The Foundation’s wide-ranging plans to “inform the dialogue” included a plenary talk by Mark McClellan, co-chair of the RWJF Commission to Build a Healthier America, and a former head of both the Food and Drug Administration and the Centers for Medicare and Medicaid Services. McClellan spoke at the AcademyHealth National Health Policy Conference in Washington, D.C., last week — less than a month after the release of the Commission’s 2014 report.

“To become healthier and reduce the growth of public and private spending on medical care, we must create a seismic shift in how we approach health and the actions we take,” said McClellan, “As a country, we need to expand our focus to address how to stay healthy in the first place.”

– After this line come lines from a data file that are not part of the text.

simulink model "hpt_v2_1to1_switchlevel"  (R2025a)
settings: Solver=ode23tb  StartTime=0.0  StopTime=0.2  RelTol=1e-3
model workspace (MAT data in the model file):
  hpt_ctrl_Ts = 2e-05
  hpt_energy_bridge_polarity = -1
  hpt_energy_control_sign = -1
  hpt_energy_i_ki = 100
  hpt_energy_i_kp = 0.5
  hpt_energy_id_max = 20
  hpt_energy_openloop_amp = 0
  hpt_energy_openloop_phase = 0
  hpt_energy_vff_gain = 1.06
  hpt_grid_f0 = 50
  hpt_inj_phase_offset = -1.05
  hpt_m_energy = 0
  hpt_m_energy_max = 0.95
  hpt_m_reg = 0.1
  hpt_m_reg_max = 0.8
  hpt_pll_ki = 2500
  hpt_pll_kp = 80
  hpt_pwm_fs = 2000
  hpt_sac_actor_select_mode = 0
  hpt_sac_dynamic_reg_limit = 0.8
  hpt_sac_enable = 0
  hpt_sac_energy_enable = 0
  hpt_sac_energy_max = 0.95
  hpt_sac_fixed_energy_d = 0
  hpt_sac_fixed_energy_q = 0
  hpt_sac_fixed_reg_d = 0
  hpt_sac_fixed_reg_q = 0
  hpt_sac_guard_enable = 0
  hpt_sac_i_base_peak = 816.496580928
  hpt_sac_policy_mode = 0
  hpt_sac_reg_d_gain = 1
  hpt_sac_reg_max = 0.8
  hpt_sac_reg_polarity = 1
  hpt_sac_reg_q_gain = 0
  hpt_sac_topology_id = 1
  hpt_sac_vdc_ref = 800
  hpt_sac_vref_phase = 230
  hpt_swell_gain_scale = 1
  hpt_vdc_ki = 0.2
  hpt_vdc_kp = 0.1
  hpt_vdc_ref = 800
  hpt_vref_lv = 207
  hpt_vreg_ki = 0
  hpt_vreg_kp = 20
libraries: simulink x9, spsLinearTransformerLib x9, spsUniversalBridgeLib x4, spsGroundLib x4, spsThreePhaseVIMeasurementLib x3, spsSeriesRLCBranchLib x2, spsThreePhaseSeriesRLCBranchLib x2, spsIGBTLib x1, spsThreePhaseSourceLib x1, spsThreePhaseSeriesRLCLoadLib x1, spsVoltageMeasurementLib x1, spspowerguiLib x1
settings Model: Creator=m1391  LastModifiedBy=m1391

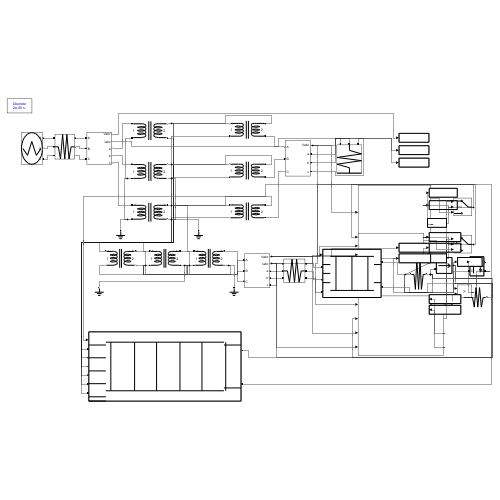
[thumbnail: Simulink's stored preview of the top-level diagram]
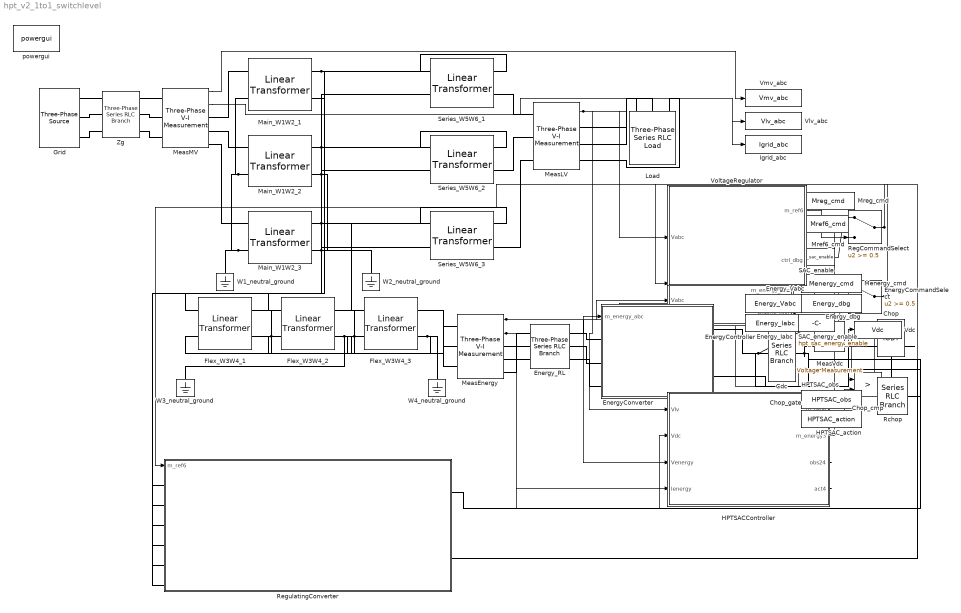
== system hpt_v2_1to1_switchlevel ==
  Cdc : spsSeriesRLCBranchLib/Series RLC Branch  LConnTagsString=__new0  RConnTagsString=__new0  BranchType=C  Resistance=1  Inductance=1e-3  SetiL0=off  InitialCurrent=0  Capacitance=0.0022  Setx0=on  InitialVoltage=800  Measurements=None
  Chop : spsIGBTLib/IGBT  Ron=0.001  Lon=0  Vf=1  Tf=1e-6  Tt=2e-6  IC=0  Rs=1e5  Cs=inf  Measurements=on
  Chop_cmp : RelationalOperator  Operator=>  OutDataTypeStr=boolean  RndMeth=Simplest  InputSameDT=off
  Chop_gate : Constant  Value=850
      mask Display: plot([20 80 80 20 20],[30 30 70 70 30]);
  EnergyCommandSelect : Switch  Threshold=0.5  SaturateOnIntegerOverflow=off  InputSameDT=off
  EnergyController : Subsystem
  EnergyConverter : Subsystem
      mask Display:
      | color('black');
      | plot([10 90 90 10 10],[10 10 90 90 10]);
      | plot([20 80],[78 78]); plot([20 80],[22 22]);
      | plot([28 28],[22 78]); plot([50 50],[22 78]); plot([72 72],[22 78]);
      | plot([10 20],[65 65]); plot([10 20],[50 50]); plot([10 20],[35 35]);
      | plot([80 90],[65 65]); plot([80 90],[35 35]);
  Energy_Iabc : ToWorkspace  VariableName=Energy_Iabc  SampleTime=2e-05
      mask Display: plot([10 90 90 10 10],[25 25 75 75 25]);
  Energy_RL : spsThreePhaseSeriesRLCBranchLib/Three-Phase Series RLC Branch  LConnTagsString=A|B|C  RConnTagsString=A|B|C  BranchType=RL  Resistance=0.05  Inductance=0.003  Capacitance=1e-6  Measurements=None
  Energy_Vabc : ToWorkspace  VariableName=Energy_Vabc  SampleTime=2e-05
      mask Display: plot([10 90 90 10 10],[25 25 75 75 25]);
  Energy_dbg : ToWorkspace  VariableName=Energy_dbg  SampleTime=2e-05
      mask Display: plot([10 90 90 10 10],[25 25 75 75 25]);
  Flex_W3W4_1 : spsLinearTransformerLib/Linear Transformer  UNITS=pu  NominalPower=[40000,50]  winding1=[230.9401,0.005,0.02]  winding2=[230.9401,0.005,0.02]  ThreeWindings=off  winding3=[ 315e3 0.002 0.08 ]  RmLm=[ 500 500 ]  Measurements=None  DataType=off
  Flex_W3W4_2 : spsLinearTransformerLib/Linear Transformer  UNITS=pu  NominalPower=[40000,50]  winding1=[230.9401,0.005,0.02]  winding2=[230.9401,0.005,0.02]  ThreeWindings=off  winding3=[ 315e3 0.002 0.08 ]  RmLm=[ 500 500 ]  Measurements=None  DataType=off
  Flex_W3W4_3 : spsLinearTransformerLib/Linear Transformer  UNITS=pu  NominalPower=[40000,50]  winding1=[230.9401,0.005,0.02]  winding2=[230.9401,0.005,0.02]  ThreeWindings=off  winding3=[ 315e3 0.002 0.08 ]  RmLm=[ 500 500 ]  Measurements=None  DataType=off
  Grid : spsThreePhaseSourceLib/Three-Phase Source  InternalConnection=Yg  VoltagePhases=off  Voltage=10000  PhaseAngle=0  Voltage_phases=[25e3 25e3 25e3]/sqrt(3)  PhaseAngles_phases=[0 -120 +120]  Frequency=50  NonIdealSource=on  SpecifyImpedance=off  Resistance=1e-3  Inductance=1e-5  ShortCircuitLevel=100e6  BaseVoltage=25e3  XRratio=7  BusType=swing  Pref=10e3  Qref=0  Prefabc=[10e3, 10e3, 10e3]  Qrefabc=[0, 0, 0]  Qmin=-inf  Qmax=inf
  HPTSACController : Subsystem
  HPTSAC_action : ToWorkspace  VariableName=HPTSAC_action  SampleTime=2e-05
      mask Display: plot([10 90 90 10 10],[25 25 75 75 25]);
  HPTSAC_obs : ToWorkspace  VariableName=HPTSAC_obs  SampleTime=2e-05
      mask Display: plot([10 90 90 10 10],[25 25 75 75 25]);
  Igrid_abc : ToWorkspace  VariableName=Igrid_abc  SampleTime=2e-05
      mask Display: plot([10 90 90 10 10],[25 25 75 75 25]);
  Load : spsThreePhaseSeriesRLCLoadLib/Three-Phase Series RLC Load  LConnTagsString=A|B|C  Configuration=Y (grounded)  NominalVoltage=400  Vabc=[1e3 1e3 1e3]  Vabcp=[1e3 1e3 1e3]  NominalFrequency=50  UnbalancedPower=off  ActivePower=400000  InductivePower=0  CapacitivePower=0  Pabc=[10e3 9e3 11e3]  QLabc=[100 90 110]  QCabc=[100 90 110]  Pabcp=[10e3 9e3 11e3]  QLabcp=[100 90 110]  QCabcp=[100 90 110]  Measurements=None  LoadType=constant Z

McClellan told a very attentive audience that critical needed changes include:

  • Improve opportunities [for people] to make healthy decisions where we live, learn, work and play
  • Improve access to a good education, jobs and health care
  • Work across sectors, collaborating to improve the health of all Americans
  • Make investing in America’s youngest children a high priority
  • Fundamentally change how we revitalize neighborhoods, fully integrating health into community development
  • Adopt new health “vital signs” to assess non-medical indicators for health such as jobs, income, housing, transportation and access to healthy food.
  • Create incentives tied to reimbursement for health professionals and health care institutions to address non-medical factors that affect health.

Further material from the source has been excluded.